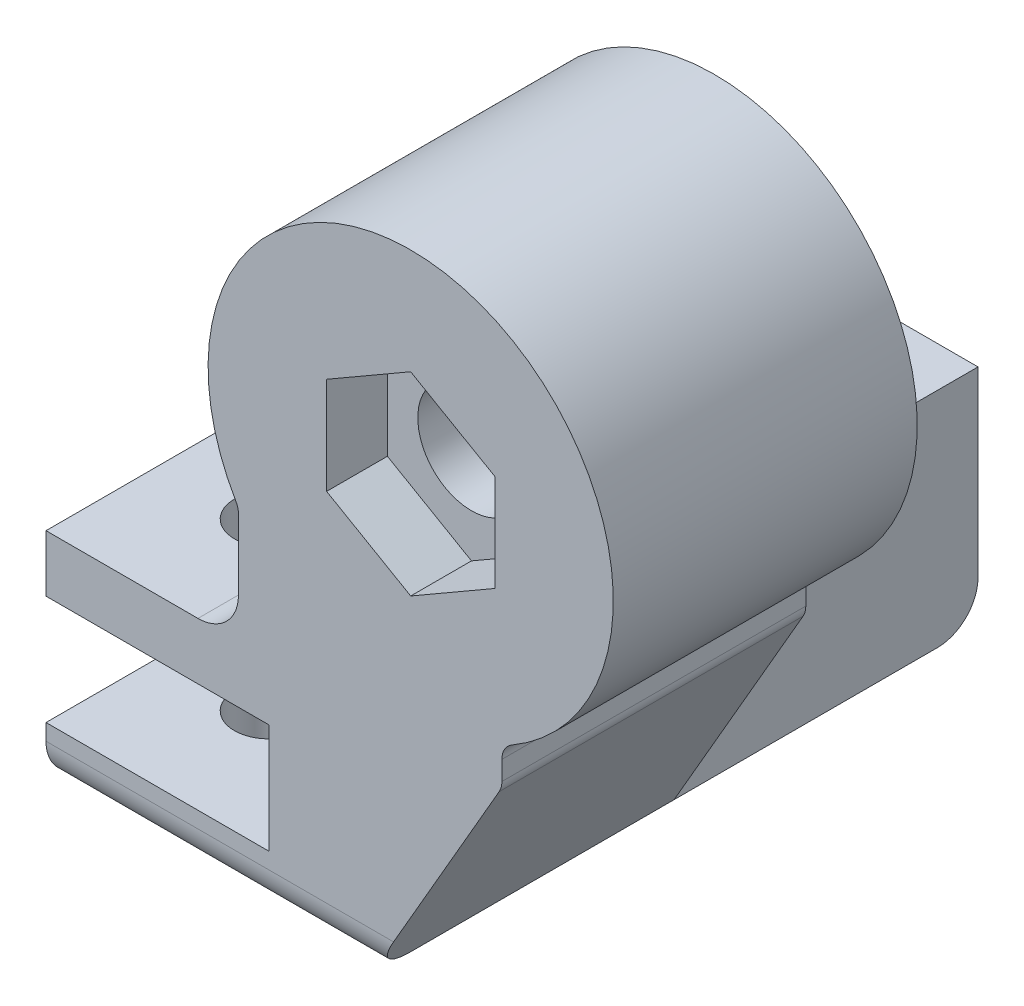
ISO-10303-21;
HEADER;
FILE_DESCRIPTION(('STEP AP214'),'2;1');
FILE_NAME('part.step','',(''),(''),'','','');
FILE_SCHEMA(('AUTOMOTIVE_DESIGN { 1 0 10303 214 1 1 1 1 }'));
ENDSEC;
DATA;
#1=APPLICATION_CONTEXT('core data for automotive mechanical design processes');
#2=APPLICATION_PROTOCOL_DEFINITION('international standard','automotive_design',2000,#1);
#3=PRODUCT_CONTEXT('',#1,'mechanical');
#4=PRODUCT('Part','Part','',(#3));
#5=PRODUCT_RELATED_PRODUCT_CATEGORY('part','',(#4));
#6=PRODUCT_DEFINITION_FORMATION('','',#4);
#7=PRODUCT_DEFINITION_CONTEXT('part definition',#1,'design');
#8=PRODUCT_DEFINITION('design','',#6,#7);
#9=PRODUCT_DEFINITION_SHAPE('','',#8);
#10=(LENGTH_UNIT() NAMED_UNIT(*) SI_UNIT(.MILLI.,.METRE.));
#11=(NAMED_UNIT(*) PLANE_ANGLE_UNIT() SI_UNIT($,.RADIAN.));
#12=(NAMED_UNIT(*) SI_UNIT($,.STERADIAN.) SOLID_ANGLE_UNIT());
#13=UNCERTAINTY_MEASURE_WITH_UNIT(LENGTH_MEASURE(1.E-05),#10,'distance_accuracy_value','');
#14=(GEOMETRIC_REPRESENTATION_CONTEXT(3) GLOBAL_UNCERTAINTY_ASSIGNED_CONTEXT((#13)) GLOBAL_UNIT_ASSIGNED_CONTEXT((#10,
#11,#12)) REPRESENTATION_CONTEXT('',''));
#15=CARTESIAN_POINT('',(0.,0.,0.));
#16=DIRECTION('',(0.,0.,1.));
#17=DIRECTION('',(1.,0.,0.));
#18=AXIS2_PLACEMENT_3D('',#15,#16,#17);
#19=CARTESIAN_POINT('',(18.,22.,-15.));
#20=DIRECTION('',(0.,0.,1.));
#21=DIRECTION('',(1.,0.,0.));
#22=AXIS2_PLACEMENT_3D('',#19,#20,#21);
#23=CYLINDRICAL_SURFACE('',#22,2.65);
#24=CARTESIAN_POINT('',(18.,22.,-10.));
#25=DIRECTION('',(0.,0.,-1.));
#26=DIRECTION('',(-1.,0.,0.));
#27=AXIS2_PLACEMENT_3D('',#24,#25,#26);
#28=CIRCLE('',#27,2.65);
#29=CARTESIAN_POINT('',(15.35,22.,-10.));
#30=VERTEX_POINT('',#29);
#31=EDGE_CURVE('E265',#30,#30,#28,.F.);
#32=ORIENTED_EDGE('',*,*,#31,.F.);
#33=EDGE_LOOP('',(#32));
#34=FACE_BOUND('',#33,.T.);
#35=CARTESIAN_POINT('',(18.,22.,-3.));
#36=DIRECTION('',(0.,0.,1.));
#37=DIRECTION('',(1.,0.,0.));
#38=AXIS2_PLACEMENT_3D('',#35,#36,#37);
#39=CIRCLE('',#38,2.65);
#40=CARTESIAN_POINT('',(20.65,22.,-3.));
#41=VERTEX_POINT('',#40);
#42=EDGE_CURVE('E254',#41,#41,#39,.F.);
#43=ORIENTED_EDGE('',*,*,#42,.F.);
#44=EDGE_LOOP('',(#43));
#45=FACE_BOUND('',#44,.T.);
#46=ADVANCED_FACE('F37',(#34,#45),#23,.F.);
#47=CARTESIAN_POINT('',(16.,11.,-30.));
#48=DIRECTION('',(1.,0.,0.));
#49=DIRECTION('',(0.,1.,0.));
#50=AXIS2_PLACEMENT_3D('',#47,#48,#49);
#51=PLANE('',#50);
#52=DIRECTION('',(0.,0.,1.));
#53=VECTOR('',#52,1.);
#54=CARTESIAN_POINT('',(16.,0.,-30.));
#55=LINE('',#54,#53);
#56=CARTESIAN_POINT('',(16.,0.,-28.));
#57=VERTEX_POINT('',#56);
#58=CARTESIAN_POINT('',(16.,0.,-15.));
#59=VERTEX_POINT('',#58);
#60=EDGE_CURVE('E318',#57,#59,#55,.T.);
#61=ORIENTED_EDGE('',*,*,#60,.F.);
#62=CARTESIAN_POINT('',(16.,2.,-28.));
#63=DIRECTION('',(1.,0.,0.));
#64=DIRECTION('',(0.,1.,0.));
#65=AXIS2_PLACEMENT_3D('',#62,#63,#64);
#66=CIRCLE('',#65,2.);
#67=CARTESIAN_POINT('',(16.,2.00000000000001,-30.));
#68=VERTEX_POINT('',#67);
#69=EDGE_CURVE('E45',#57,#68,#66,.T.);
#70=ORIENTED_EDGE('',*,*,#69,.T.);
#71=DIRECTION('',(0.,1.,0.));
#72=VECTOR('',#71,1.);
#73=CARTESIAN_POINT('',(16.,11.,-30.));
#74=LINE('',#73,#72);
#75=CARTESIAN_POINT('',(16.,11.,-30.));
#76=VERTEX_POINT('',#75);
#77=EDGE_CURVE('E298',#68,#76,#74,.T.);
#78=ORIENTED_EDGE('',*,*,#77,.T.);
#79=DIRECTION('',(0.,0.,1.));
#80=VECTOR('',#79,1.);
#81=CARTESIAN_POINT('',(16.,11.,-30.));
#82=LINE('',#81,#80);
#83=CARTESIAN_POINT('',(16.,11.,-15.));
#84=VERTEX_POINT('',#83);
#85=EDGE_CURVE('E349',#76,#84,#82,.T.);
#86=ORIENTED_EDGE('',*,*,#85,.T.);
#87=DIRECTION('',(0.,-1.,0.));
#88=VECTOR('',#87,1.);
#89=CARTESIAN_POINT('',(16.,0.,-15.));
#90=LINE('',#89,#88);
#91=EDGE_CURVE('E272',#84,#59,#90,.T.);
#92=ORIENTED_EDGE('',*,*,#91,.T.);
#93=EDGE_LOOP('',(#61,#70,#78,#86,#92));
#94=FACE_BOUND('',#93,.T.);
#95=ADVANCED_FACE('F438',(#94),#51,.T.);
#96=CARTESIAN_POINT('',(16.,0.,-30.));
#97=DIRECTION('',(0.,-1.,0.));
#98=DIRECTION('',(1.,0.,0.));
#99=AXIS2_PLACEMENT_3D('',#96,#97,#98);
#100=PLANE('',#99);
#101=CARTESIAN_POINT('',(5.,0.,-6.));
#102=DIRECTION('',(0.,1.,0.));
#103=DIRECTION('',(-1.,0.,0.));
#104=AXIS2_PLACEMENT_3D('',#101,#102,#103);
#105=CIRCLE('',#104,1.7);
#106=CARTESIAN_POINT('',(3.3,0.,-6.));
#107=VERTEX_POINT('',#106);
#108=EDGE_CURVE('E361',#107,#107,#105,.T.);
#109=ORIENTED_EDGE('',*,*,#108,.T.);
#110=EDGE_LOOP('',(#109));
#111=FACE_BOUND('',#110,.T.);
#112=CARTESIAN_POINT('',(5.,0.,-24.));
#113=DIRECTION('',(0.,1.,0.));
#114=DIRECTION('',(-1.,0.,0.));
#115=AXIS2_PLACEMENT_3D('',#112,#113,#114);
#116=CIRCLE('',#115,1.7);
#117=CARTESIAN_POINT('',(3.3,0.,-24.));
#118=VERTEX_POINT('',#117);
#119=EDGE_CURVE('E578',#118,#118,#116,.T.);
#120=ORIENTED_EDGE('',*,*,#119,.T.);
#121=EDGE_LOOP('',(#120));
#122=FACE_BOUND('',#121,.T.);
#123=DIRECTION('',(0.,0.,1.));
#124=VECTOR('',#123,1.);
#125=CARTESIAN_POINT('',(16.,0.,-15.));
#126=LINE('',#125,#124);
#127=CARTESIAN_POINT('',(16.,0.,-2.));
#128=VERTEX_POINT('',#127);
#129=EDGE_CURVE('E286',#59,#128,#126,.T.);
#130=ORIENTED_EDGE('',*,*,#129,.T.);
#131=DIRECTION('',(1.,0.,0.));
#132=VECTOR('',#131,1.);
#133=CARTESIAN_POINT('',(0.,0.,-2.));
#134=LINE('',#133,#132);
#135=CARTESIAN_POINT('',(0.,0.,-2.));
#136=VERTEX_POINT('',#135);
#137=EDGE_CURVE('E413',#128,#136,#134,.F.);
#138=ORIENTED_EDGE('',*,*,#137,.T.);
#139=DIRECTION('',(0.,0.,1.));
#140=VECTOR('',#139,1.);
#141=CARTESIAN_POINT('',(0.,0.,-30.));
#142=LINE('',#141,#140);
#143=CARTESIAN_POINT('',(0.,0.,-28.));
#144=VERTEX_POINT('',#143);
#145=EDGE_CURVE('E334',#144,#136,#142,.T.);
#146=ORIENTED_EDGE('',*,*,#145,.F.);
#147=DIRECTION('',(1.,0.,0.));
#148=VECTOR('',#147,1.);
#149=CARTESIAN_POINT('',(16.,0.,-28.));
#150=LINE('',#149,#148);
#151=EDGE_CURVE('E410',#144,#57,#150,.T.);
#152=ORIENTED_EDGE('',*,*,#151,.T.);
#153=ORIENTED_EDGE('',*,*,#60,.T.);
#154=EDGE_LOOP('',(#130,#138,#146,#152,#153));
#155=FACE_BOUND('',#154,.T.);
#156=ADVANCED_FACE('F436',(#111,#122,#155),#100,.T.);
#157=CARTESIAN_POINT('',(0.,0.,-30.));
#158=DIRECTION('',(-1.,0.,0.));
#159=DIRECTION('',(0.,0.,1.));
#160=AXIS2_PLACEMENT_3D('',#157,#158,#159);
#161=PLANE('',#160);
#162=ORIENTED_EDGE('',*,*,#145,.T.);
#163=CARTESIAN_POINT('',(0.,2.,-2.));
#164=DIRECTION('',(-1.,0.,0.));
#165=DIRECTION('',(0.,0.,1.));
#166=AXIS2_PLACEMENT_3D('',#163,#164,#165);
#167=CIRCLE('',#166,2.);
#168=CARTESIAN_POINT('',(0.,2.,0.));
#169=VERTEX_POINT('',#168);
#170=EDGE_CURVE('E417',#136,#169,#167,.T.);
#171=ORIENTED_EDGE('',*,*,#170,.T.);
#172=DIRECTION('',(0.,-1.,0.));
#173=VECTOR('',#172,1.);
#174=CARTESIAN_POINT('',(0.,0.,0.));
#175=LINE('',#174,#173);
#176=CARTESIAN_POINT('',(0.,2.8,0.));
#177=VERTEX_POINT('',#176);
#178=EDGE_CURVE('E301',#177,#169,#175,.T.);
#179=ORIENTED_EDGE('',*,*,#178,.F.);
#180=DIRECTION('',(0.,0.,1.));
#181=VECTOR('',#180,1.);
#182=CARTESIAN_POINT('',(0.,2.8,-30.));
#183=LINE('',#182,#181);
#184=CARTESIAN_POINT('',(0.,2.8,-30.));
#185=VERTEX_POINT('',#184);
#186=EDGE_CURVE('E338',#185,#177,#183,.T.);
#187=ORIENTED_EDGE('',*,*,#186,.F.);
#188=DIRECTION('',(0.,-1.,0.));
#189=VECTOR('',#188,1.);
#190=CARTESIAN_POINT('',(0.,0.,-30.));
#191=LINE('',#190,#189);
#192=CARTESIAN_POINT('',(0.,2.,-30.));
#193=VERTEX_POINT('',#192);
#194=EDGE_CURVE('E316',#185,#193,#191,.T.);
#195=ORIENTED_EDGE('',*,*,#194,.T.);
#196=CARTESIAN_POINT('',(0.,2.,-28.));
#197=DIRECTION('',(-1.,0.,0.));
#198=DIRECTION('',(0.,0.,1.));
#199=AXIS2_PLACEMENT_3D('',#196,#197,#198);
#200=CIRCLE('',#199,2.);
#201=EDGE_CURVE('E415',#193,#144,#200,.T.);
#202=ORIENTED_EDGE('',*,*,#201,.T.);
#203=EDGE_LOOP('',(#162,#171,#179,#187,#195,#202));
#204=FACE_BOUND('',#203,.T.);
#205=ADVANCED_FACE('F421',(#204),#161,.T.);
#206=CARTESIAN_POINT('',(0.,2.8,-30.));
#207=DIRECTION('',(0.,1.,0.));
#208=DIRECTION('',(-1.,0.,0.));
#209=AXIS2_PLACEMENT_3D('',#206,#207,#208);
#210=PLANE('',#209);
#211=CARTESIAN_POINT('',(5.,2.8,-6.));
#212=DIRECTION('',(0.,1.,0.));
#213=DIRECTION('',(-1.,0.,0.));
#214=AXIS2_PLACEMENT_3D('',#211,#212,#213);
#215=CIRCLE('',#214,1.7);
#216=CARTESIAN_POINT('',(3.3,2.8,-6.));
#217=VERTEX_POINT('',#216);
#218=EDGE_CURVE('E231',#217,#217,#215,.T.);
#219=ORIENTED_EDGE('',*,*,#218,.F.);
#220=EDGE_LOOP('',(#219));
#221=FACE_BOUND('',#220,.T.);
#222=CARTESIAN_POINT('',(5.,2.8,-24.));
#223=DIRECTION('',(0.,1.,0.));
#224=DIRECTION('',(-1.,0.,0.));
#225=AXIS2_PLACEMENT_3D('',#222,#223,#224);
#226=CIRCLE('',#225,1.7);
#227=CARTESIAN_POINT('',(3.3,2.8,-24.));
#228=VERTEX_POINT('',#227);
#229=EDGE_CURVE('E366',#228,#228,#226,.T.);
#230=ORIENTED_EDGE('',*,*,#229,.F.);
#231=EDGE_LOOP('',(#230));
#232=FACE_BOUND('',#231,.T.);
#233=DIRECTION('',(-1.,0.,0.));
#234=VECTOR('',#233,1.);
#235=CARTESIAN_POINT('',(0.,2.8,0.));
#236=LINE('',#235,#234);
#237=CARTESIAN_POINT('',(11.,2.8,0.));
#238=VERTEX_POINT('',#237);
#239=EDGE_CURVE('E329',#238,#177,#236,.T.);
#240=ORIENTED_EDGE('',*,*,#239,.F.);
#241=DIRECTION('',(0.,0.,1.));
#242=VECTOR('',#241,1.);
#243=CARTESIAN_POINT('',(11.,2.8,-30.));
#244=LINE('',#243,#242);
#245=CARTESIAN_POINT('',(11.,2.8,-30.));
#246=VERTEX_POINT('',#245);
#247=EDGE_CURVE('E340',#246,#238,#244,.T.);
#248=ORIENTED_EDGE('',*,*,#247,.F.);
#249=DIRECTION('',(-1.,0.,0.));
#250=VECTOR('',#249,1.);
#251=CARTESIAN_POINT('',(0.,2.8,-30.));
#252=LINE('',#251,#250);
#253=EDGE_CURVE('E313',#246,#185,#252,.T.);
#254=ORIENTED_EDGE('',*,*,#253,.T.);
#255=ORIENTED_EDGE('',*,*,#186,.T.);
#256=EDGE_LOOP('',(#240,#248,#254,#255));
#257=FACE_BOUND('',#256,.T.);
#258=ADVANCED_FACE('F521',(#221,#232,#257),#210,.T.);
#259=CARTESIAN_POINT('',(11.,2.8,-30.));
#260=DIRECTION('',(-1.,0.,0.));
#261=DIRECTION('',(0.,0.,1.));
#262=AXIS2_PLACEMENT_3D('',#259,#260,#261);
#263=PLANE('',#262);
#264=DIRECTION('',(0.,-1.,0.));
#265=VECTOR('',#264,1.);
#266=CARTESIAN_POINT('',(11.,2.8,0.));
#267=LINE('',#266,#265);
#268=CARTESIAN_POINT('',(11.,8.2,0.));
#269=VERTEX_POINT('',#268);
#270=EDGE_CURVE('E326',#269,#238,#267,.T.);
#271=ORIENTED_EDGE('',*,*,#270,.F.);
#272=DIRECTION('',(0.,0.,1.));
#273=VECTOR('',#272,1.);
#274=CARTESIAN_POINT('',(11.,8.2,-30.));
#275=LINE('',#274,#273);
#276=CARTESIAN_POINT('',(11.,8.2,-30.));
#277=VERTEX_POINT('',#276);
#278=EDGE_CURVE('E342',#277,#269,#275,.T.);
#279=ORIENTED_EDGE('',*,*,#278,.F.);
#280=DIRECTION('',(0.,-1.,0.));
#281=VECTOR('',#280,1.);
#282=CARTESIAN_POINT('',(11.,2.8,-30.));
#283=LINE('',#282,#281);
#284=EDGE_CURVE('E310',#277,#246,#283,.T.);
#285=ORIENTED_EDGE('',*,*,#284,.T.);
#286=ORIENTED_EDGE('',*,*,#247,.T.);
#287=EDGE_LOOP('',(#271,#279,#285,#286));
#288=FACE_BOUND('',#287,.T.);
#289=ADVANCED_FACE('F524',(#288),#263,.T.);
#290=CARTESIAN_POINT('',(11.,8.2,-30.));
#291=DIRECTION('',(0.,-1.,0.));
#292=DIRECTION('',(0.,0.,-1.));
#293=AXIS2_PLACEMENT_3D('',#290,#291,#292);
#294=PLANE('',#293);
#295=CARTESIAN_POINT('',(5.,8.2,-6.));
#296=DIRECTION('',(0.,-1.,0.));
#297=DIRECTION('',(0.,0.,-1.));
#298=AXIS2_PLACEMENT_3D('',#295,#296,#297);
#299=CIRCLE('',#298,1.7);
#300=CARTESIAN_POINT('',(5.,8.2,-7.7));
#301=VERTEX_POINT('',#300);
#302=EDGE_CURVE('E365',#301,#301,#299,.T.);
#303=ORIENTED_EDGE('',*,*,#302,.F.);
#304=EDGE_LOOP('',(#303));
#305=FACE_BOUND('',#304,.T.);
#306=CARTESIAN_POINT('',(5.,8.2,-24.));
#307=DIRECTION('',(0.,-1.,0.));
#308=DIRECTION('',(0.,0.,-1.));
#309=AXIS2_PLACEMENT_3D('',#306,#307,#308);
#310=CIRCLE('',#309,1.7);
#311=CARTESIAN_POINT('',(5.,8.2,-25.7));
#312=VERTEX_POINT('',#311);
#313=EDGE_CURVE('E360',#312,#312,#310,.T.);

──────────────────────────────

> [Instructions for the task]:
Pictures stay out. Transcribe the lines from the start of the entries above through the line with "#1=APPLICATION_CONTEXT('core data for", exactly.

> [Your solution]:
ISO-10303-21;
HEADER;
FILE_DESCRIPTION(('STEP AP214'),'2;1');
FILE_NAME('part.step','',(''),(''),'','','');
FILE_SCHEMA(('AUTOMOTIVE_DESIGN { 1 0 10303 214 1 1 1 1 }'));
ENDSEC;
DATA;
#1=APPLICATION_CONTEXT('core data for automotive mechanical design processes');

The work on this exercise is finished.